Why in the news? 

Recently, the Union Ministry of Electronics and Information Technology (MeitY) has declared the IT (Information Technology) assets of ICICI Bank, HDFC Bank, and NPCI (National Payments Corporation of India) as "critical information infrastructure". 

What is a critical information infrastructure? 

  • The Information Technology Act of 2000 defines a critical information infrastructure as a computer resource whose deactivation or destruction has a debilitating impact on national security, economy, public health or security. 
  • Under the IT Act  2000, the government has the authority to declare  data, databases, IT networks, or communications infrastructure as CII and protect these digital assets. 
  • Anyone who illegally accesses or attempts to  access  a protected system  can be sentenced to up to 10 years in prison. 

Why do you need CII classification and protection? 

  • Global Practices: Governments around the world have endeavored to protect  critical information infrastructure.  
  • Backbone of Countless Important Operations: IT resources form the backbone of countless important operations in a country's infrastructure. Due to its interconnected nature, disruption can have a chain effect on the sector. IT failures lead to paralysis in other sectors: Power grid information technology failures can lead to long-term outages that cripple other sectors such as healthcare and banking services. 

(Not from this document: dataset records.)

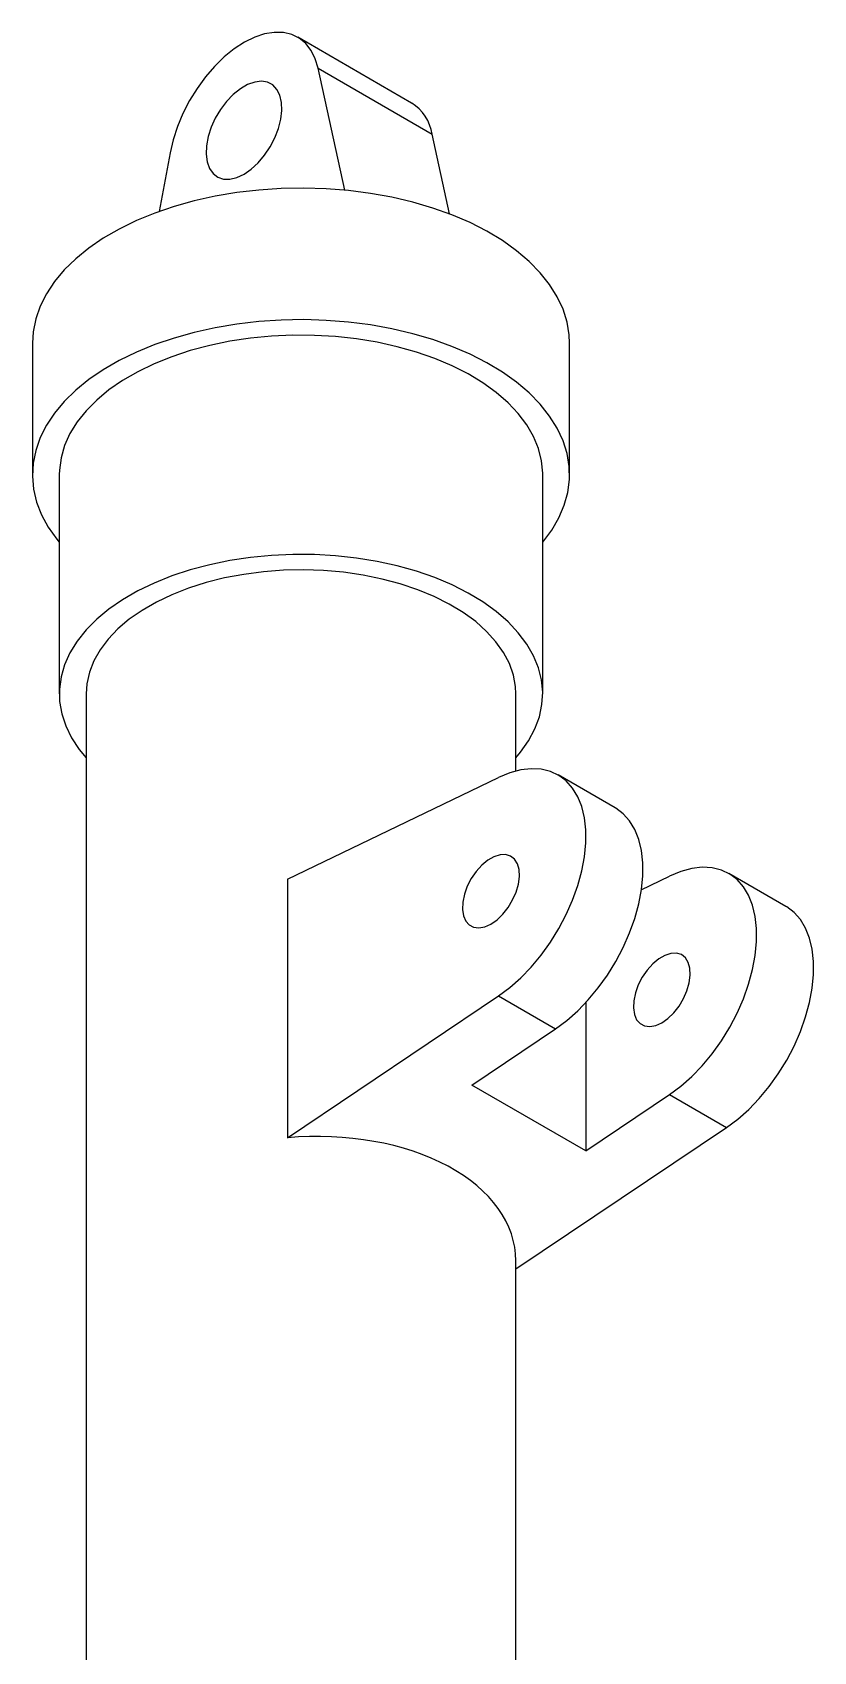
# Model space of a CAD drawing. Header units: millimetres. Extents: x 1 to 1184, y 0 to 836.
# Drawn here: x 799.7 to 828.8, y 280.4 to 340.7 of the extents above; entities that cross this region are included whole.
import ezdxf

# ---------------------------------------------------------------- set-up
doc = ezdxf.new("R2010")
doc.units = ezdxf.units.MM

msp = doc.modelspace()

# ---------------------------------------------------------------- linework, layer by layer
at = {"color": 7, "linetype": 'Continuous', "lineweight": 25}
for p, q in [((813.821, 338.111), (809.579, 340.561)), ((811.331, 334.865), (810.339, 339.404)), ((810.339, 339.404), (814.581, 336.955)), ((815.232, 333.978), (814.581, 336.955)), ((804.827, 336.262), (804.425, 334.073)), ((799.7, 329.169), (799.7, 324.27)), ((819.7, 324.27), (819.7, 329.169)), ((800.7, 324.27), (800.7, 316.105)), ((818.7, 316.105), (818.7, 324.27)), ((801.7, 316.105), (801.7, 263.846)), ((817.7, 313.23), (817.7, 316.105)), ((821.392, 311.86), (819.271, 313.084)), ((809.199, 309.196), (817.06, 312.99)), ((827.756, 308.186), (825.635, 309.411)), ((809.199, 309.196), (809.199, 299.57)), ((822.371, 308.808), (823.424, 309.316)), ((809.199, 299.57), (817.06, 304.852)), ((817.06, 304.852), (819.181, 303.627)), ((820.307, 304.604), (820.307, 299.084)), ((816.064, 301.533), (819.181, 303.627)), ((820.307, 299.084), (816.064, 301.533)), ((820.307, 299.084), (823.424, 301.178)), ((823.424, 301.178), (825.545, 299.953)), ((817.7, 294.682), (825.545, 299.953)), ((817.7, 278.384), (817.7, 294.985))]:
    msp.add_line(p, q, dxfattribs=at)
at = {"color": 7, "linetype": 'Continuous', "lineweight": 25, "flags": 128}
for points in [[(810.339, 339.404), (810.231, 339.762), (810.075, 340.073), (809.875, 340.329), (809.633, 340.528), (809.354, 340.664), (809.043, 340.736), (808.705, 340.743), (808.347, 340.683), (807.976, 340.559), (807.597, 340.373), (807.218, 340.127), (806.845, 339.827), (806.486, 339.478), (806.146, 339.085), (805.832, 338.657), (805.55, 338.2), (805.304, 337.724), (805.099, 337.236), (804.939, 336.746), (804.827, 336.262)], [(807.579, 335.463), (807.847, 335.647), (808.105, 335.884), (808.343, 336.164), (808.555, 336.478), (808.731, 336.814), (808.865, 337.161), (808.953, 337.505), (808.992, 337.834), (808.979, 338.137), (808.915, 338.402), (808.804, 338.62), (808.648, 338.783), (808.453, 338.885), (808.227, 338.922), (807.977, 338.893), (807.713, 338.8), (807.444, 338.644), (807.18, 338.433), (806.931, 338.174), (806.705, 337.875), (806.51, 337.549), (806.354, 337.206), (806.242, 336.859), (806.179, 336.521), (806.166, 336.203), (806.205, 335.918), (806.292, 335.675), (806.427, 335.484), (806.603, 335.351), (806.814, 335.281), (807.053, 335.277), (807.311, 335.338), (807.579, 335.463)], [(819.7, 329.169), (819.687, 329.471), (819.608, 329.953), (819.459, 330.428), (819.243, 330.895), (818.959, 331.35), (818.61, 331.79), (818.199, 332.211), (817.728, 332.611), (817.201, 332.987), (816.622, 333.336), (815.993, 333.656), (815.321, 333.944), (814.609, 334.199), (813.863, 334.418), (813.088, 334.601), (812.288, 334.745), (811.471, 334.851), (810.641, 334.916), (809.805, 334.942), (808.968, 334.927), (808.136, 334.871), (807.315, 334.775), (806.511, 334.641), (805.729, 334.467), (804.975, 334.257), (804.254, 334.011), (803.571, 333.731), (802.931, 333.419), (802.339, 333.077), (801.799, 332.707), (801.314, 332.313), (800.887, 331.897), (800.523, 331.462), (800.223, 331.01), (799.989, 330.546), (799.823, 330.072), (799.727, 329.592), (799.7, 329.169)], [(818.7, 321.754), (818.703, 321.757), (819.036, 322.201), (819.303, 322.659), (819.503, 323.129), (819.634, 323.606), (819.695, 324.089), (819.687, 324.572), (819.608, 325.053), (819.459, 325.529), (819.243, 325.996), (818.959, 326.451), (818.61, 326.891), (818.199, 327.312), (817.728, 327.712), (817.201, 328.088), (816.622, 328.437), (815.993, 328.756), (815.321, 329.045), (814.609, 329.299), (813.863, 329.519), (813.088, 329.702), (812.288, 329.846), (811.471, 329.952), (810.641, 330.017), (809.805, 330.042), (808.968, 330.027), (808.136, 329.972), (807.315, 329.876), (806.511, 329.741), (805.729, 329.568), (804.975, 329.358), (804.254, 329.111), (803.571, 328.831), (802.931, 328.519), (802.339, 328.177), (801.799, 327.808), (801.314, 327.414), (800.887, 326.998), (800.523, 326.563), (800.223, 326.111), (799.989, 325.647), (799.823, 325.173), (799.727, 324.693), (799.701, 324.209), (799.745, 323.727), (799.858, 323.248), (800.041, 322.776), (800.291, 322.314), (800.608, 321.867), (800.7, 321.754)], [(818.7, 324.27), (818.7, 324.327), (818.656, 324.786), (818.542, 325.241), (818.358, 325.689), (818.107, 326.125), (817.79, 326.546), (817.41, 326.95), (816.97, 327.333), (816.472, 327.692), (815.922, 328.024), (815.323, 328.327), (814.68, 328.598), (813.998, 328.835), (813.282, 329.036), (812.538, 329.2), (811.772, 329.326), (810.99, 329.412), (810.198, 329.458), (809.402, 329.463), (808.608, 329.427), (807.823, 329.351), (807.052, 329.235), (806.302, 329.081), (805.579, 328.889), (804.888, 328.66), (804.235, 328.398), (803.624, 328.103), (803.061, 327.778), (802.55, 327.425), (802.095, 327.048), (801.699, 326.649), (801.366, 326.232), (801.099, 325.799), (800.898, 325.354), (800.767, 324.901), (800.705, 324.442), (800.7, 324.27)], [(817.7, 313.724), (817.876, 313.932), (818.176, 314.358), (818.41, 314.797), (818.577, 315.246), (818.673, 315.703), (818.7, 316.162), (818.656, 316.621), (818.542, 317.076), (818.358, 317.523), (818.107, 317.959), (817.79, 318.381), (817.41, 318.785), (816.97, 319.168), (816.472, 319.527), (815.922, 319.859), (815.323, 320.161), (814.68, 320.432), (813.998, 320.67), (813.282, 320.871), (812.538, 321.035), (811.772, 321.161), (810.99, 321.246), (810.198, 321.292), (809.402, 321.297), (808.608, 321.262), (807.823, 321.186), (807.052, 321.07), (806.302, 320.916), (805.579, 320.723), (804.888, 320.495), (804.235, 320.232), (803.624, 319.937), (803.061, 319.612), (802.55, 319.26), (802.095, 318.883), (801.699, 318.484), (801.366, 318.066), (801.099, 317.633), (800.898, 317.188), (800.767, 316.735), (800.705, 316.277), (800.714, 315.817), (800.793, 315.36), (800.942, 314.908), (801.159, 314.466), (801.444, 314.037), (801.7, 313.724)], [(817.7, 316.105), (817.686, 316.375), (817.608, 316.806), (817.459, 317.23), (817.242, 317.644), (816.959, 318.045), (816.613, 318.429), (816.205, 318.793), (815.741, 319.133), (815.223, 319.446), (814.657, 319.73), (814.047, 319.982), (813.399, 320.2), (812.718, 320.382), (812.011, 320.526), (811.284, 320.631), (810.543, 320.697), (809.794, 320.722), (809.045, 320.707), (808.301, 320.652), (807.569, 320.556), (806.857, 320.421), (806.169, 320.249), (805.512, 320.039), (804.892, 319.796), (804.315, 319.52), (803.784, 319.213), (803.306, 318.88), (802.884, 318.522), (802.522, 318.143), (802.223, 317.746), (801.989, 317.335), (801.824, 316.912), (801.727, 316.483), (801.7, 316.105)], [(817.06, 304.852), (817.477, 305.161), (817.883, 305.521), (818.274, 305.927), (818.644, 306.372), (818.987, 306.852), (819.299, 307.359), (819.575, 307.885), (819.811, 308.424), (820.004, 308.967), (820.151, 309.507), (820.251, 310.037), (820.301, 310.549), (820.301, 311.035), (820.251, 311.488), (820.151, 311.903), (820.004, 312.274), (819.811, 312.594), (819.575, 312.86), (819.299, 313.068), (818.987, 313.215), (818.644, 313.298), (818.274, 313.317), (817.883, 313.272), (817.477, 313.162), (817.06, 312.99)], [(819.181, 303.627), (819.598, 303.936), (820.005, 304.296), (820.396, 304.702), (820.765, 305.148), (821.108, 305.627), (821.42, 306.134), (821.696, 306.66), (821.932, 307.199), (822.125, 307.742), (822.273, 308.283), (822.372, 308.812), (822.422, 309.324), (822.422, 309.81), (822.372, 310.264), (822.273, 310.679), (822.125, 311.049), (821.932, 311.37), (821.696, 311.636), (821.42, 311.843), (821.392, 311.86)], [(816.771, 307.529), (816.999, 307.69), (817.217, 307.9), (817.413, 308.15), (817.58, 308.428), (817.708, 308.721), (817.793, 309.017), (817.83, 309.299), (817.818, 309.557), (817.757, 309.776), (817.649, 309.948), (817.501, 310.064), (817.318, 310.119), (817.11, 310.11), (816.886, 310.038), (816.657, 309.906), (816.433, 309.719), (816.224, 309.488), (816.042, 309.222), (815.893, 308.935), (815.786, 308.639), (815.725, 308.348), (815.712, 308.076), (815.749, 307.837), (815.834, 307.639), (815.963, 307.495), (816.129, 307.409), (816.326, 307.385), (816.543, 307.426), (816.771, 307.529)], [(823.424, 301.178), (823.841, 301.487), (824.247, 301.847), (824.638, 302.253), (825.008, 302.699), (825.351, 303.178), (825.663, 303.685), (825.939, 304.211), (826.175, 304.75), (826.368, 305.293), (826.515, 305.834), (826.614, 306.363), (826.665, 306.875), (826.665, 307.361), (826.614, 307.815), (826.515, 308.229), (826.368, 308.6), (826.175, 308.92), (825.939, 309.186), (825.663, 309.394), (825.351, 309.541), (825.008, 309.624), (824.638, 309.643), (824.247, 309.598), (823.841, 309.488), (823.424, 309.316)], [(825.545, 299.953), (825.962, 300.262), (826.369, 300.622), (826.76, 301.028), (827.129, 301.474), (827.472, 301.954), (827.784, 302.46), (828.06, 302.987), (828.296, 303.525), (828.489, 304.069), (828.636, 304.609), (828.736, 305.139), (828.786, 305.65), (828.786, 306.136), (828.736, 306.59), (828.636, 307.005), (828.489, 307.375), (828.296, 307.696), (828.06, 307.962), (827.784, 308.17), (827.756, 308.186)], [(823.135, 303.856), (823.363, 304.016), (823.581, 304.226), (823.777, 304.476), (823.944, 304.754), (824.072, 305.048), (824.157, 305.343), (824.194, 305.625), (824.182, 305.883), (824.121, 306.103), (824.013, 306.274), (823.865, 306.391), (823.682, 306.446), (823.474, 306.437), (823.25, 306.364), (823.021, 306.232), (822.797, 306.046), (822.588, 305.814), (822.406, 305.548), (822.257, 305.261), (822.15, 304.965), (822.089, 304.674), (822.076, 304.403), (822.113, 304.163), (822.198, 303.966), (822.327, 303.821), (822.493, 303.735), (822.69, 303.712), (822.907, 303.753), (823.135, 303.856)]]:
    msp.add_lwpolyline(points, dxfattribs=at)
at = {"color": 7, "linetype": 'Continuous', "lineweight": 25}
msp.add_arc((812.944, 336.706), 1.657, 8.62709, 58.00329, dxfattribs=at)
msp.add_ellipse((809.7, 294.607), major_axis=(7.991, 0.618), ratio=0.622318, start_param=6.235061, end_param=7.868521, dxfattribs=at)

doc.saveas('drawing.dxf')

Example: Wave of denial of service attacks in Estonia: In 2007, a wave of denial of service attacks allegedly from Russian IP addresses attacked major Estonian banks, government agencies (ministries, parliaments), and the media. This was a cyberattack like never before in the world. For almost three weeks, the attack caused havoc in one of the most connected countries in the world. A denial of service (DoS) attack is an attack that aims to shut down a computer or network so that it cannot be accessed by the intended user. DoS attacks do this by flooding the target with traffic or sending  information that triggers a crash to the target. 

Indian Example: 

In October 2020, when India was fighting a pandemic, power to Mumbai suddenly collapsed, damaging hospitals, trains and businesses. Later, according to a study by a US company, it was revealed that the power outage could be a cyberattack by a related group in China targeting critical infrastructure. Though the government rejected any such theory, the incident emphasised the possibility that hostile states and non-state actors would breach important systems in other countries, so there is a need to strengthen such assets.  

How is CII protected in India?  

  • NCIIPC is the nodal agency established in January 2014, the National Center for Important Information Infrastructure Conservation (NCIIPC) is a central agency that takes all steps to protect the national critical information infrastructure. 
  •  It is intended to protect CII from unauthorized access, modification, use, disclosure, interference, incapacity, or distraction. Monitor and anticipate threats to CII at the national level, provide policy guidance, share expertise, and provide early warning or alert situational awareness.
  • In the event of a threat to a critical information infrastructure, NCIIPC requests information and directs key sectors or individuals serving a critical impact on Critical Information Infrastructure.. 

Basic responsibility: 

  •  The basic responsibility for protecting the CII system lies with the entity that operates this CII.